**Aim of the task**
When the line containing "cam_camera.clip_end = 100.0" appears in the entries below, begin printing there and stop after the line containing "me_plane = bpy.data.meshes.new('Plane')"; print each of those lines exactly and no other line.

**Supplied material**
•••••
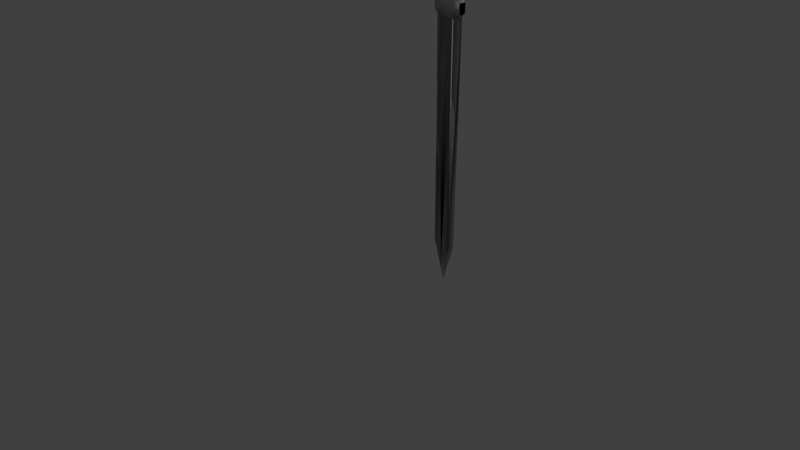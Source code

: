 # Source: MasterSwordCutout2ColorsWithout.blend  (saved by Blender 2.78.0; exported with 4.5.12 LTS)
import bpy
from mathutils import Matrix  # noqa: F401  (used for matrix-valued properties, if any)

bpy.ops.wm.read_factory_settings(use_empty=True)
scene = bpy.context.scene
scene.name = 'Scene'

# ---- collections
col_collection_1 = bpy.data.collections.new('Collection 1'); scene.collection.children.link(col_collection_1)

# ---- materials (node trees are filled in below, after node groups)
mat_myswordcolors = bpy.data.materials.new('MySwordColors')
mat_myswordcolors.alpha_threshold = 0.0
mat_myswordcolors.use_transparent_shadow = False
mat_myswordcolors.roughness = 0.5

# ---- material node trees

# ---- world
world_world = bpy.data.worlds.new('World'); scene.world = world_world
world_world.color = (0.05088, 0.05088, 0.05088)
world_world.use_sun_shadow = False
world_world.sun_shadow_jitter_overblur = 0.0
world_world.cycles.sampling_method = 'MANUAL'

# ---- cameras
cam_camera = bpy.data.cameras.new('Camera')
cam_camera.clip_end = 100.0
cam_camera.lens = 35.0
cam_camera.sensor_width = 32.0
cam_camera.sensor_height = 18.0
cam_camera.ortho_scale = 7.314
cam_camera.dof.focus_distance = 0.0
cam_camera.dof.aperture_fstop = 128.0

# ---- lights
light_lamp = bpy.data.lights.new('Lamp', 'POINT')
light_lamp.transmission_factor = 0.0
light_lamp.cutoff_distance = 30.0
light_lamp.energy = 100.0
light_lamp.shadow_buffer_clip_start = 1.001
light_lamp.shadow_soft_size = 0.1
light_lamp.shadow_maximum_resolution = 0.006
light_lamp.use_absolute_resolution = True

# ---- meshes
me_plane = bpy.data.meshes.new('Plane')
me_plane.from_pydata([(1.088, -0.9681, 3.579e-10), (1.088, 1.091, 9.431e-10), (0.0, -1.0, 0.0), (0.0, 1.0, 0.0), (1.088, 1.091, 9.431e-10), (0.0, 1.0, 0.0), (1.088, 1.091, 9.431e-10), (1.05, 1.603, 6.595e-09), (0.0, 1.512, 5.652e-09), (0.8956, 2.039, 1.141e-08), (0.0, 1.948, 1.047e-08), (0.7933, 2.514, 1.664e-08), (0.0, 2.423, 1.57e-08), (0.6742, 3.064, 2.271e-08), (0.0, 2.973, 2.177e-08), (0.5949, 3.576, 2.837e-08), (0.0, 3.485, 2.742e-08), (0.5155, 4.24, 3.569e-08), (0.0, 4.149, 3.475e-08), (0.4383, 5.002, 4.411e-08), (0.0, 4.911, 4.317e-08), (0.0, 5.776, 5.242e-08), (0.0, 5.763, 5.235e-08), (0.3907, 5.867, 5.336e-08), (0.3943, 9.8, 9.666e-08), (0.9374, -1.514, -5.578e-09), (0.0, -1.546, -5.936e-09), (0.6607, -2.498, -1.626e-08), (0.0, -2.53, -1.662e-08), (0.3516, -7.403, -6.919e-08), (0.0, -3.404, -2.612e-08), (0.3943, 9.8, 9.666e-08), (0.0, 9.709, 9.572e-08), (0.3943, 9.8, 9.666e-08), (0.0, 9.709, 9.572e-08), (0.3943, 9.8, 9.666e-08), (0.621, -3.12, -2.297e-08), (0.7329, -3.055, -2.227e-08), (0.8916, -2.662, -1.803e-08), (1.079, -2.104, -1.203e-08), (1.263, -1.318, -3.553e-09), (1.469, -0.2033, 8.452e-09), (1.667, 1.403, 2.575e-08), (1.75, 2.583, 3.846e-08), (1.797, 1.894, 3.105e-08), (1.754, 1.075, 2.222e-08), (1.79, 0.3866, 1.481e-08), (1.754, -0.2689, 7.746e-09), (1.754, -0.2689, 7.746e-09), (1.79, 0.3866, 1.481e-08), (1.754, -0.2689, 7.746e-09), (2.119, -2.825, -2.1e-08), (2.512, -6.103, -5.785e-08), (2.793, -8.693, -8.697e-08), (3.349, -15.77, -1.666e-07), (3.147, -15.94, -1.684e-07), (3.158, -16.23, -1.717e-07), (2.84, -16.53, -1.75e-07), (2.822, -16.26, -1.721e-07), (2.649, -16.43, -1.739e-07), (2.66, -16.82, -1.784e-07), (2.339, -16.89, -1.791e-07), (2.313, -16.62, -1.762e-07), (2.133, -16.66, -1.765e-07), (2.133, -17.05, -1.809e-07), (1.808, -17.15, -1.82e-07), (1.527, -12.23, -1.268e-07), (1.216, -8.135, -8.07e-08), (1.087, -8.824, -8.844e-08), (0.8628, -9.578, -9.692e-08), (0.8808, -10.4, -1.061e-07), (0.8267, -10.95, -1.124e-07), (0.8267, -12.53, -1.301e-07), (0.7617, -13.81, -1.445e-07), (0.7617, -19.41, -2.075e-07), (0.7617, -19.41, -2.075e-07), (0.7617, -36.08, -1.201e-07), (1.216, -8.135, -8.07e-08), (0.9306, -4.674, -4.178e-08), (1.632, -0.3869, 6.42e-09), (1.117, -3.966, -3.382e-08), (1.117, -3.966, -3.382e-08), (1.381, -2.589, -1.835e-08), (1.632, -0.3869, 6.42e-09), (0.7617, -19.41, -2.075e-07), (1.247, -3.455, -2.807e-08), (1.476, -2.039, -1.215e-08), (0.0, -19.41, -2.075e-07), (0.7617, -19.41, -2.075e-07), (0.7617, -19.41, -2.075e-07), (0.7617, -36.08, -1.201e-07), (0.7617, -36.08, -1.201e-07), (0.7617, -36.08, -1.201e-07), (0.7617, -36.08, -1.201e-07), (0.7617, -36.08, -1.201e-07), (0.3516, -7.403, -6.919e-08), (1.754, -0.2689, 7.746e-09), (1.754, 1.075, 2.222e-08), (1.55, -1.056, -1.098e-09), (1.754, 1.075, 2.222e-08), (1.754, 1.075, 2.222e-08), (1.754, 1.075, 2.222e-08), (1.754, 1.075, 2.222e-08), (1.808, -17.15, -1.82e-07), (2.133, -16.66, -1.765e-07), (1.707, -10.62, -1.074e-07), (1.374, -6.274, -5.773e-08), (1.374, -6.274, -5.773e-08), (1.887, -10.44, -1.054e-07), (1.534, -6.005, -5.466e-08), (1.534, -6.005, -5.466e-08), (1.381, -2.589, -1.835e-08), (1.713, -5.172, -4.766e-08), (2.176, -10.14, -1.04e-07), (2.176, -10.14, -1.04e-07), (1.892, -5.35, -4.974e-08), (2.395, -10.42, -1.073e-07), (1.55, -1.056, -1.098e-09), (1.55, -1.056, -1.098e-09), (1.55, -1.056, -1.098e-09), (2.633, -9.413, -9.436e-08), (1.846, -2.36, -1.43e-08), (1.846, -2.36, -1.43e-08), (0.0, -7.403, -6.919e-08), (0.1547, -9.907, -9.761e-08), (0.4347, -8.436, -8.092e-08), (0.2203, -10.15, -1.003e-07), (0.2291, -11.81, -1.193e-07), (0.2728, -12.33, -1.251e-07), (0.3472, -12.77, -1.301e-07), (0.4259, -12.33, -1.251e-07), (0.4522, -12.05, -1.22e-07), (0.4084, -11.42, -1.147e-07), (0.4128, -10.78, -1.075e-07), (0.4916, -11.14, -1.116e-07), (0.5441, -12.13, -1.229e-07), (0.5309, -12.77, -1.301e-07), (0.4041, -13.68, -1.405e-07), (0.3078, -13.68, -1.405e-07), (0.7617, -19.41, -2.075e-07), (0.1547, -12.21, -1.238e-07), (0.1547, -12.21, -1.238e-07), (0.1547, -11.3, -1.134e-07), (0.0, -11.54, -1.161e-07), (0.3516, -7.403, -6.919e-08), (0.3516, -7.403, -6.919e-08), (0.3516, -7.403, -6.919e-08), (0.0, -19.41, -2.075e-07), (0.1547, -12.21, -1.238e-07), (0.0, -14.26, -1.464e-07), (0.0, -6.74, -6.442e-08), (1.016, -5.814, -5.178e-08), (1.108, -6.807, -6.307e-08), (0.4347, -8.436, -8.092e-08), (0.7617, -19.41, -2.075e-07), (0.0, -19.41, -2.075e-07), (0.7617, -19.41, -2.075e-07), (0.0, -14.26, -1.464e-07), (0.7617, -19.41, -0.2532), (0.1547, -12.21, -1.238e-07), (0.0, -14.26, -1.464e-07), (0.1547, -12.21, -1.238e-07), (0.1547, -11.3, -1.134e-07), (0.0, -11.54, -1.161e-07), (0.0, -3.404, -2.612e-08), (0.3516, -7.403, -6.919e-08), (0.3516, -7.403, -6.919e-08), (0.0, -7.403, -6.919e-08), (0.1547, -9.907, -9.761e-08), (0.0, -11.54, -1.161e-07), (1.216, -8.135, -8.07e-08), (0.4552, -5.724, -5.32e-08), (1.551, -1.042, 4.098e-09), (1.022, -39.28, -1.558e-07), (1.022, -45.09, -2.206e-07), (0.9016, -47.63, -2.49e-07), (0.9016, -47.63, -2.49e-07), (0.8777, -188.3, -1.771e-06), (0.0, -214.5, -2.07e-06), (0.5611, -48.4, -2.562e-07), (0.5611, -188.5, -2.01e-06), (0.0, -204.0, -2.203e-06), (0.0, -48.4, -2.562e-07), (0.0, -36.08, -1.201e-07), (0.0, -204.0, -2.203e-06), (0.0, -48.4, -2.562e-07), (0.0, 12.69, 1.291e-07), (0.0, 12.69, 1.291e-07), (0.3943, 9.8, 9.666e-08), (0.3943, 16.48, 1.727e-07), (0.0, 19.61, 2.083e-07), (0.3943, 23.17, 2.488e-07), (0.0, 26.47, 2.863e-07), (0.4039, 30.42, 3.314e-07), (0.0, 33.54, 3.657e-07), (0.3991, 36.84, 4.019e-07), (0.0, 40.32, 4.401e-07), (0.3991, 40.36, 4.406e-07), (0.3951, 41.2, 4.494e-07), (0.0, 41.2, 4.494e-07), (0.3951, 41.2, 4.494e-07), (0.6936, 42.56, 4.635e-07), (0.625, 43.07, 4.689e-07), (0.3386, 51.21, 5.537e-07), (0.1571, 51.32, 5.549e-07), (0.0, 51.46, 5.564e-07), (0.2862, 43.14, 4.696e-07), (0.0, 43.11, 4.692e-07), (0.2862, 43.14, 4.696e-07), (0.5611, -48.4, -2.562e-07), (0.5611, -188.5, -2.01e-06), (0.0, -204.0, -2.203e-06), (0.0, -48.4, -2.562e-07), (0.5611, -48.4, -2.562e-07), (0.5611, -188.5, -2.01e-06), (0.0, -204.0, -2.203e-06), (0.0, -48.4, -2.562e-07), (0.5611, -48.4, -2.562e-07), (0.5611, -188.5, -2.01e-06), (0.0, -204.0, -2.203e-06), (0.0, -48.4, -2.562e-07), (0.1571, 51.32, 5.549e-07), (0.0, 51.46, 5.564e-07), (0.2862, 43.14, 4.696e-07), (0.0, 43.11, 4.692e-07), (0.2862, 43.14, 4.696e-07), (0.1571, 51.32, 5.549e-07), (0.0, 51.46, 5.564e-07), (0.2862, 43.14, 4.696e-07), (0.0, 43.11, 4.692e-07), (0.2862, 43.14, 4.696e-07), (0.1571, 51.32, 0.4324), (0.0, 51.46, 0.4324), (0.2862, 43.14, 0.4324), (0.0, 43.11, 0.4324), (0.2862, 43.14, 0.4324), (0.2862, 43.14, 0.4324), (0.0, 43.11, 0.4324), (0.1571, 51.32, 0.4324), (0.2862, 43.14, 0.4324), (0.2862, 43.14, 0.4324), (0.0, 43.11, 0.4324), (0.1571, 51.32, 0.4324), (0.2862, 43.14, 0.4324), (0.2862, 43.14, 0.4324), (0.0, 43.11, 0.4324), (0.1571, 51.32, 0.4324), (0.2862, 43.14, 0.4324), (0.2862, 43.14, 0.4324), (0.0, 43.11, 0.4324), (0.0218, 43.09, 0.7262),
•••••
**Answer box**
cam_camera.clip_end = 100.0
cam_camera.lens = 35.0
cam_camera.sensor_width = 32.0
cam_camera.sensor_height = 18.0
cam_camera.ortho_scale = 7.314
cam_camera.dof.focus_distance = 0.0
cam_camera.dof.aperture_fstop = 128.0

# ---- lights
light_lamp = bpy.data.lights.new('Lamp', 'POINT')
light_lamp.transmission_factor = 0.0
light_lamp.cutoff_distance = 30.0
light_lamp.energy = 100.0
light_lamp.shadow_buffer_clip_start = 1.001
light_lamp.shadow_soft_size = 0.1
light_lamp.shadow_maximum_resolution = 0.006
light_lamp.use_absolute_resolution = True

# ---- meshes
me_plane = bpy.data.meshes.new('Plane')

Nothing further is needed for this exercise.